Im smoking a turkey on my own this year. + 1 on the brine even if you're just cooking it in the oven. You'll never do one w/o it again.


----------



## utahgolf (Sep 8, 2007)

how's that brine compare to say injecting with cajun butter? do you inject any of the brine?


----------



## sawsman (Sep 13, 2007)

In addition to the turkey, we've done a prime rib and a pork loin in the past for something different.

The one thing I like the most and gotta have is the dressing. My father-in-law made a killer oyster stuffing once. :EAT:


----------



## martymcfly73 (Sep 17, 2007)

utahgolf said:


> how's that brine compare to say injecting with cajun butter? do you inject any of the brine?


I don't inject mine. It pre salts the turkey and moistens it. I would think it would be better than injecting.

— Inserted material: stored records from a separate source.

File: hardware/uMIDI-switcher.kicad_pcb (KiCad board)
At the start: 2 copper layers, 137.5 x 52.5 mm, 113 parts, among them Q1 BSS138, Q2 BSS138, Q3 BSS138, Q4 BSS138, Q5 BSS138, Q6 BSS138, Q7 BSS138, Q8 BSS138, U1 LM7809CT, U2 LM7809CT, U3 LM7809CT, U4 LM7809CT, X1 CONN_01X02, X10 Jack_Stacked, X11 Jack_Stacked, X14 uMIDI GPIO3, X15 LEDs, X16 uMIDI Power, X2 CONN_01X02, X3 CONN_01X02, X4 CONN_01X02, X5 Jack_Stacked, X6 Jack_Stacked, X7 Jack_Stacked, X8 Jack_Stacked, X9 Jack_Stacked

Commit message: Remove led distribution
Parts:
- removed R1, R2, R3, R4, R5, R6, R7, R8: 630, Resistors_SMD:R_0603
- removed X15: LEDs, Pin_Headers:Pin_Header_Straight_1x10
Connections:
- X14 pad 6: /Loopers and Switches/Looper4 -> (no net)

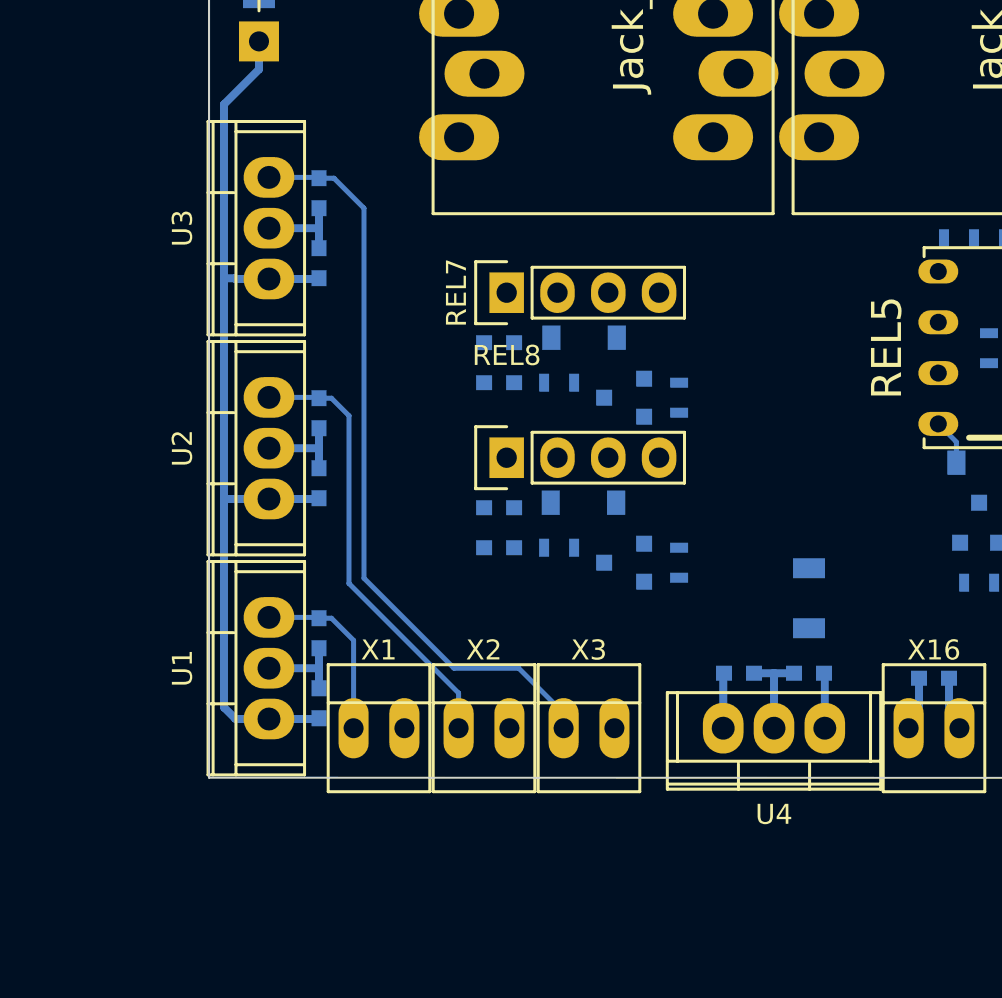
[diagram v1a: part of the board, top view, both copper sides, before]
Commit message: Use smd regulators
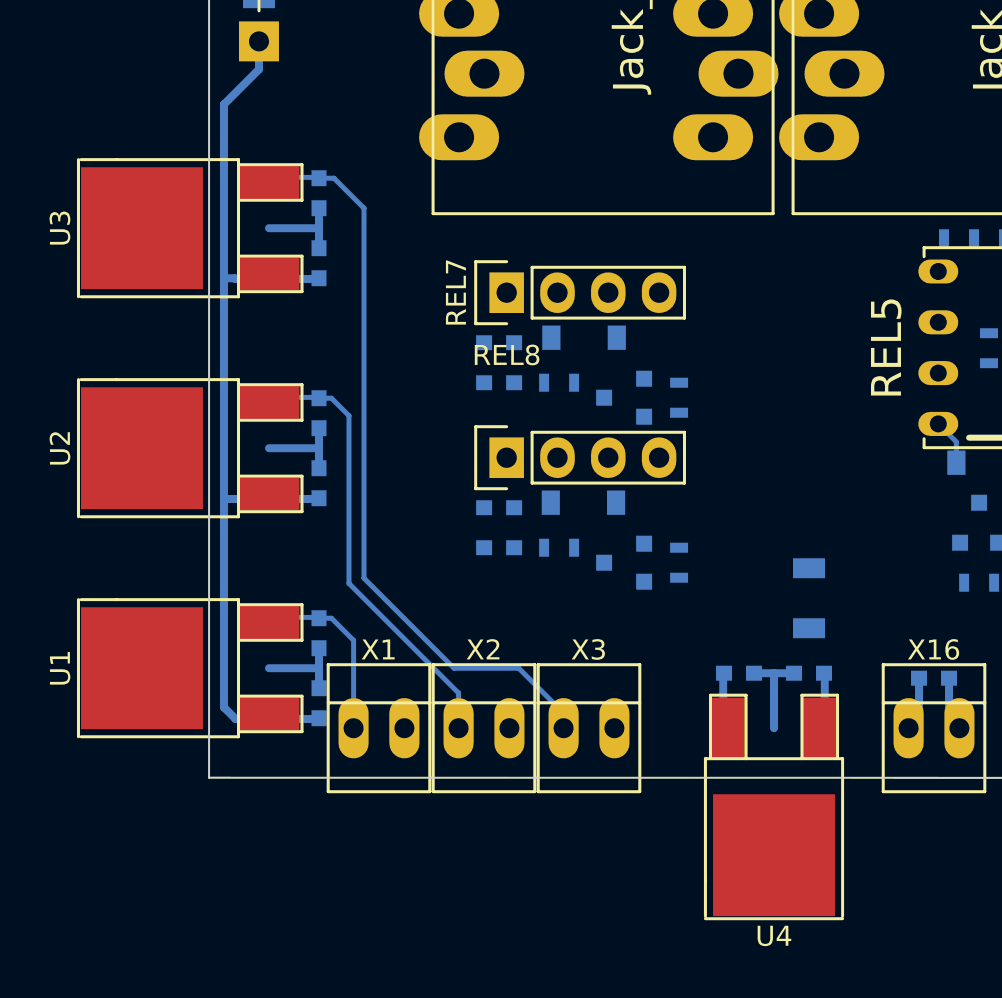
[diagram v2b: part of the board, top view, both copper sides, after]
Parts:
- U1, U2, U3, U4: value LM7809CT -> MC7809CD; footprint Power_Integrations:TO-220 -> TO_SOT_Packages_SMD:TO-252-2Lead

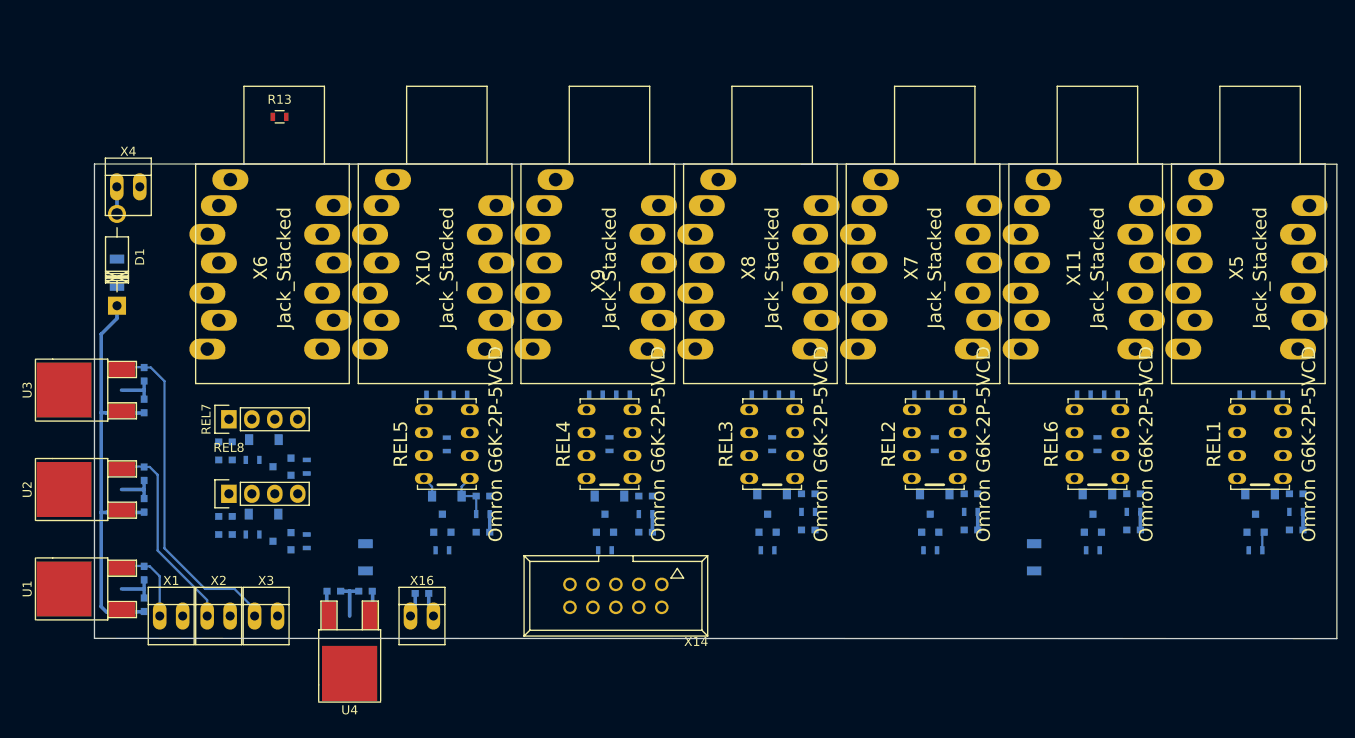
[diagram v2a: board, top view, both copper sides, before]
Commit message: Use schottky diode for input protection
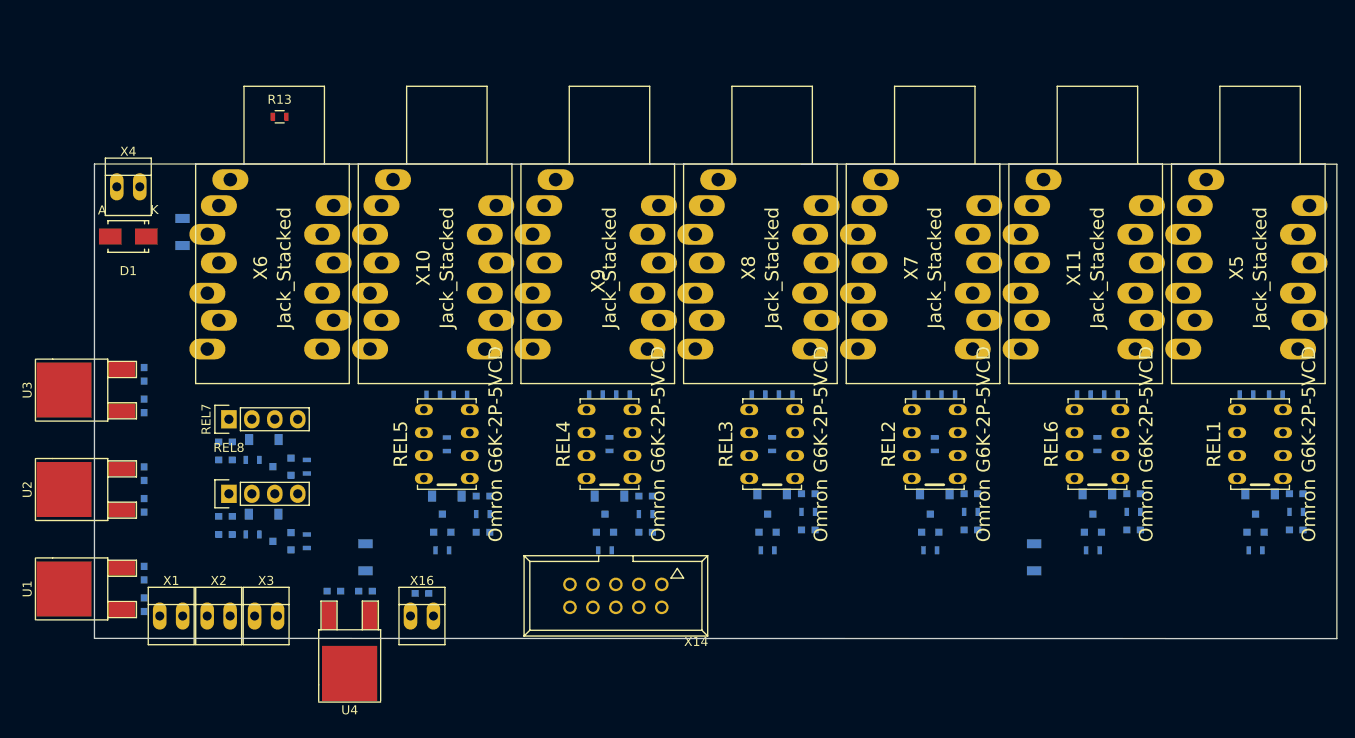
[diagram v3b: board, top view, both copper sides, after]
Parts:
- D1: value 1N4001 -> B160; footprint Diodes_ThroughHole:Diode_DO-41_SOD81_Horizontal_RM10 -> Diodes_SMD:SMA_Standard
- moved C7 8.53 mm to (87.2, 84.0)
- moved D1 7.76 mm to (81.2, 84.5), turned to 180 degrees
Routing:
- net +12V: track 51.3 -> 0.00 mm
- net Net-(C6-Pad1): track 37.4 -> 0.00 mm
- net Net-(C5-Pad1): track 22.3 -> 0.00 mm
- net GND: track 21.0 -> 0.00 mm
- net +9V: track 15.5 -> 0.00 mm
- net Net-(C4-Pad1): track 9.10 -> 0.00 mm
- net /Loopers and Switches/Looper5/Single True Bypass/relais_p: track 5.93 -> 0.00 mm
- net /pwr_in: track 3.01 -> 0.00 mm
- net /Loopers and Switches/Looper5/Single True Bypass/relais_n: track 2.31 -> 0.00 mm
- net /Loopers and Switches/Tune: track 2.09 -> 0.00 mm

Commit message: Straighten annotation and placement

You could add the butter to the brine or rub it on the turkey prior to cooking with the same results.


----------



## Dunkem (May 8, 2012)

Boneless pork loin butterflied until it is about 1 inch thick,spread pinenuts,pistacios(sp),feta cheese sun dried tomatoes,and baby spinach.Carefully roll loin back together,and tie.cover with bacon and roast 350 degrees 12-14 minutes lb. Your guests wont even ask where the turkey is.Remember that pork does not have to be cooked so well done as it was when they were mostly slop fed :EAT:


----------



## Gumbo (Sep 22, 2007)

utahgolf said:


> how's that brine compare to say injecting with cajun butter? do you inject any of the brine?


Generally speaking, you inject for flavor; you brine for moisture. Most people don't brine a bird they're going to fry, because it will be plenty moist and just need the flavor. If you're going to roast or smoke, most will brine.


----------



## wyogoob (Sep 7, 2007)

For safety reasons turkeys are cooked to an internal temperature of 165°. Those little red pop-out thingies are set at that temp, or higher.

I inject and then soak my turkeys in a brine solution. They are actually cured so they can be cooked at a much lower internal temperature, 152°. The difference in how moist a bird is cooked to an internal temp of 165° versus 152° is a bunch.


----------